Just to add further to this discussion, I’ve previously used decontam prior to it being incorporated into QIIME 2, and whilst I’m a huge fan of the principles it’s built around, it didn’t work fantastically for my samples. I will caveat that as I did only attempt the prevalence method with 2 negative controls (one kit negative and one sequencing negative) for around 20 samples, which is likely too low a number of controls to have any real statistical power, I’m not sure what the ideal number of negative controls for the prevalence based method would be. I found that when playing around with the threshold parameter, I couldn’t find a happy medium and that I was either removing features that to me appeared to be potentially true or keeping features that were questionable to my eye. Going forward I would be interested to see how the plugin performs based on quantification data, and will hopefully be testing this in the coming weeks on new data.
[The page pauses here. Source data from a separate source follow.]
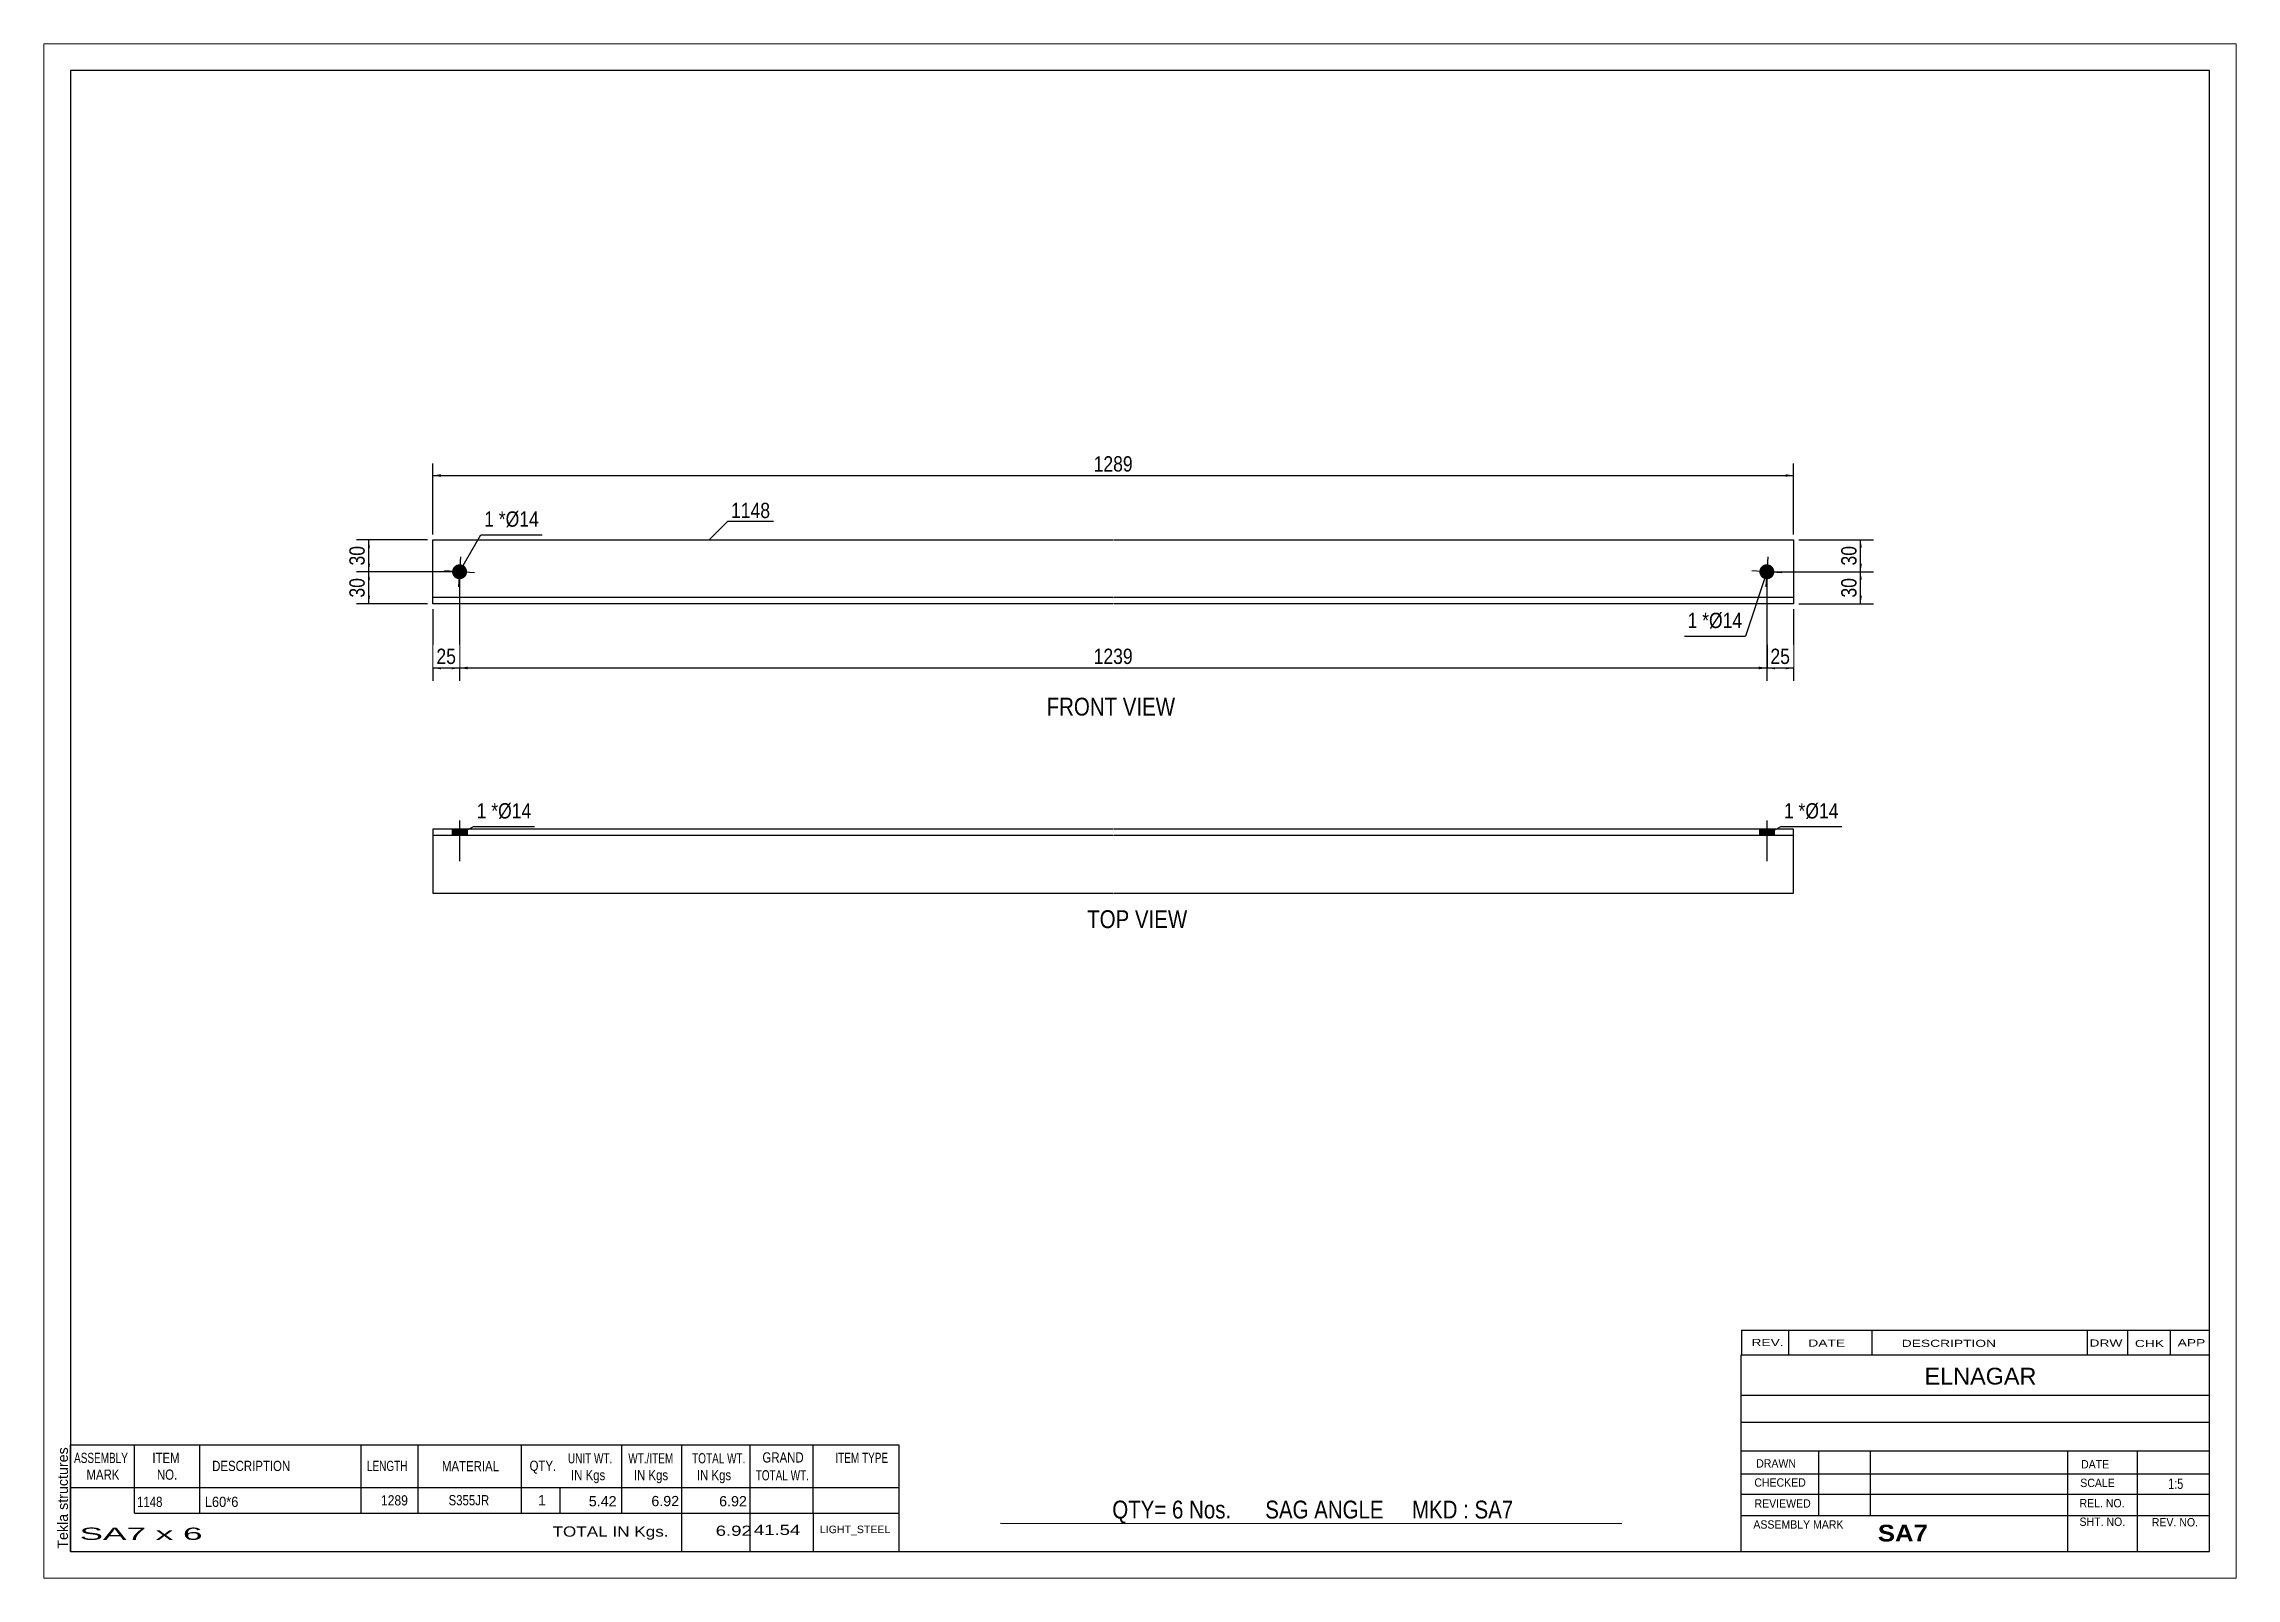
# Paper-space layout 'Layout1' of a CAD drawing. Header units: millimetres. Extents: x 0 to 410, y 0 to 287.
# The model-space entities are those that its viewports show. They can reach past a viewport. Long polylines and large blocks are cut down to what shows.
import ezdxf

# ---------------------------------------------------------------- set-up
doc = ezdxf.new("R2010")
doc.units = ezdxf.units.MM
doc.layers.add('Viewport layer', color=7, linetype='Continuous', plot=False)
doc.styles.add('Arial', font='ARIAL.TTF', dxfattribs={"height": 0.2})
doc.styles.add('Arial Bold', font='ARIALBD.TTF', dxfattribs={"height": 0.2})
doc.styles.add('Arial Narrow', font='ARIALN.TTF', dxfattribs={"height": 0.2})

# ---------------------------------------------------------------- blocks, each defined once
blk = doc.blocks.new('Unknown-629078399-1524')
at = {"color": 5, "linetype": 'Continuous'}
for p, q in [((405, 282), (5, 282)), ((5, 282), (5, 5)), ((405, 5), (405, 282)), ((5, 5), (405, 5))]:
    blk.add_line(p, q, dxfattribs=at)
at = {"color": 174, "linetype": 'Continuous', "style": 'Arial'}
blk.add_text('Tekla structures', height=1.9102, rotation=90, dxfattribs=at).set_placement((4.5, 5.5))
blk = doc.blocks.new('Unknown-629078399-11 - 1233')
at = {"color": 0, "linetype": 'Continuous'}
blk.add_wipeout([(211.61, 161.35), (211.61, 164.85), (187.54, 164.85), (187.54, 161.35)], dxfattribs=at)
at = {"color": 96, "linetype": 'Continuous', "style": 'Arial Narrow'}
blk.add_text('FRONT VIEW', height=3.34, dxfattribs=at).set_placement((187.54, 161.35))
blk = doc.blocks.new('Unknown-629078399-12 - 1284')
at = {"color": 0, "linetype": 'Continuous'}
blk.add_wipeout([(213.87, 121.6), (213.87, 125.1), (195.12, 125.1), (195.12, 121.6)], dxfattribs=at)
at = {"color": 96, "linetype": 'Continuous', "style": 'Arial Narrow'}
blk.add_text('TOP VIEW', height=3.34, dxfattribs=at).set_placement((195.12, 121.6))
blk = doc.blocks.new('Part-629078399-1280 - 1233')
at = {"color": 2, "linetype": 'Continuous'}
for p, q in [((72.75, 182.25), (72.75, 194.25)), ((72.75, 194.25), (199.94, 194.25)), ((200.04, 194.25), (327.23, 194.25)), ((327.23, 194.25), (327.23, 182.25)), ((199.94, 183.45), (72.75, 183.45)), ((199.94, 182.25), (72.75, 182.25)), ((327.23, 183.45), (200.04, 183.45)), ((327.23, 182.25), (200.04, 182.25))]:
    blk.add_line(p, q, dxfattribs=at)
blk = doc.blocks.new('Bolt-629078399-1281 - 1233')
at = {"linetype": 'Continuous'}
blk.add_hatch(color=3, dxfattribs=at).paths.add_polyline_path([(79.15, 188.16, -1), (76.35, 188.34, -1)])
at = {"color": 3, "linetype": 'Continuous'}
for p, q in [((77.93, 191.04), (77.57, 185.46)), ((80.54, 188.07), (74.96, 188.43))]:
    blk.add_line(p, q, dxfattribs=at)
blk = doc.blocks.new('Bolt-629078399-1282 - 1233')
at = {"linetype": 'Continuous'}
blk.add_hatch(color=3, dxfattribs=at).paths.add_polyline_path([(323.63, 188.16, -1), (320.83, 188.34, -1)])
at = {"color": 3, "linetype": 'Continuous'}
for p, q in [((322.41, 191.04), (322.05, 185.46)), ((325.02, 188.07), (319.43, 188.43))]:
    blk.add_line(p, q, dxfattribs=at)
blk = doc.blocks.new('Bolt-629078399-1287 - 1284')
at = {"linetype": 'Continuous'}
blk.add_hatch(color=3, dxfattribs=at).paths.add_polyline_path([(323.63, 140.1), (320.83, 140.1), (320.83, 138.9), (323.63, 138.9)])
at = {"color": 3, "linetype": 'Continuous'}
for p, q in [((320.83, 140.1), (320.83, 138.9)), ((322.23, 141.7), (322.23, 134.1)), ((323.63, 140.1), (323.63, 138.9))]:
    blk.add_line(p, q, dxfattribs=at)
blk = doc.blocks.new('Part-629078399-1285 - 1284')
at = {"color": 2, "linetype": 'Continuous'}
for p, q in [((199.94, 140.1), (72.75, 140.1)), ((72.75, 140.1), (72.75, 128.1)), ((327.23, 140.1), (200.04, 140.1)), ((327.23, 128.1), (327.23, 140.1)), ((199.94, 138.9), (72.75, 138.9)), ((327.23, 138.9), (200.04, 138.9)), ((72.75, 128.1), (199.94, 128.1)), ((200.04, 128.1), (327.23, 128.1))]:
    blk.add_line(p, q, dxfattribs=at)
blk = doc.blocks.new('Bolt-629078399-1286 - 1284')
at = {"linetype": 'Continuous'}
blk.add_hatch(color=3, dxfattribs=at).paths.add_polyline_path([(79.15, 140.1), (76.35, 140.1), (76.35, 138.9), (79.15, 138.9)])
at = {"color": 3, "linetype": 'Continuous'}
for p, q in [((76.35, 140.1), (76.35, 138.9)), ((77.75, 141.7), (77.75, 134.1)), ((79.15, 140.1), (79.15, 138.9))]:
    blk.add_line(p, q, dxfattribs=at)
blk = doc.blocks.new('StraightDimension-629078399-1291 - 1233')
at = {"linetype": 'Continuous'}
for points in [[(323.73, 170), (322.23, 170.25), (323.73, 170.5)], [(325.73, 170.5), (327.23, 170.25), (325.73, 170)]]:
    blk.add_hatch(color=7, dxfattribs=at).paths.add_polyline_path(points)
at = {"color": 7, "linetype": 'Continuous'}
for p, q in [((322.23, 187.25), (322.23, 167.85)), ((327.23, 181.25), (327.23, 167.85)), ((322.23, 170.25), (327.23, 170.25))]:
    blk.add_line(p, q, dxfattribs=at)
at = {"color": 0}
blk.add_wipeout([(327.16, 170.4), (327.16, 174.6), (322.3, 174.6), (322.3, 170.4)], dxfattribs=at)
at = {"color": 3, "style": 'Arial Narrow'}
blk.add_text('25', height=2.863, dxfattribs=at).set_placement((322.9, 171))
blk = doc.blocks.new('StraightDimension-629078399-1292 - 1233')
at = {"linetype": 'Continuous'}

In these uncertain times, I do like the suggestion of a sort of ‘lite’ version of contaminant removal, whereby you can show you’ve addressed the issue by removing a small group of clear contaminants i.e. those described in the Salter paper where using extraction kits, however despite this being the safest option when addressing potential contaminants, it can also feel careless leaving in the taxa with 10 reads in sample A, which had 50000 reads in the negative control, and is likely a result of Illumina crosstalk, here I feel the only option is a commonsensical approach, although I note this isn’t reproducable, perhaps we are now nearing the stage where a very large round table is to be required to produce published consensus guidelines on how to deal with these anomalies.
So long as we are actively discussing the issues, working toward reproducible solutions and not butchering our data in the meantime, that’s all we can do! And in what seems like quite a progressive time for the field, I take considerable comfort in that.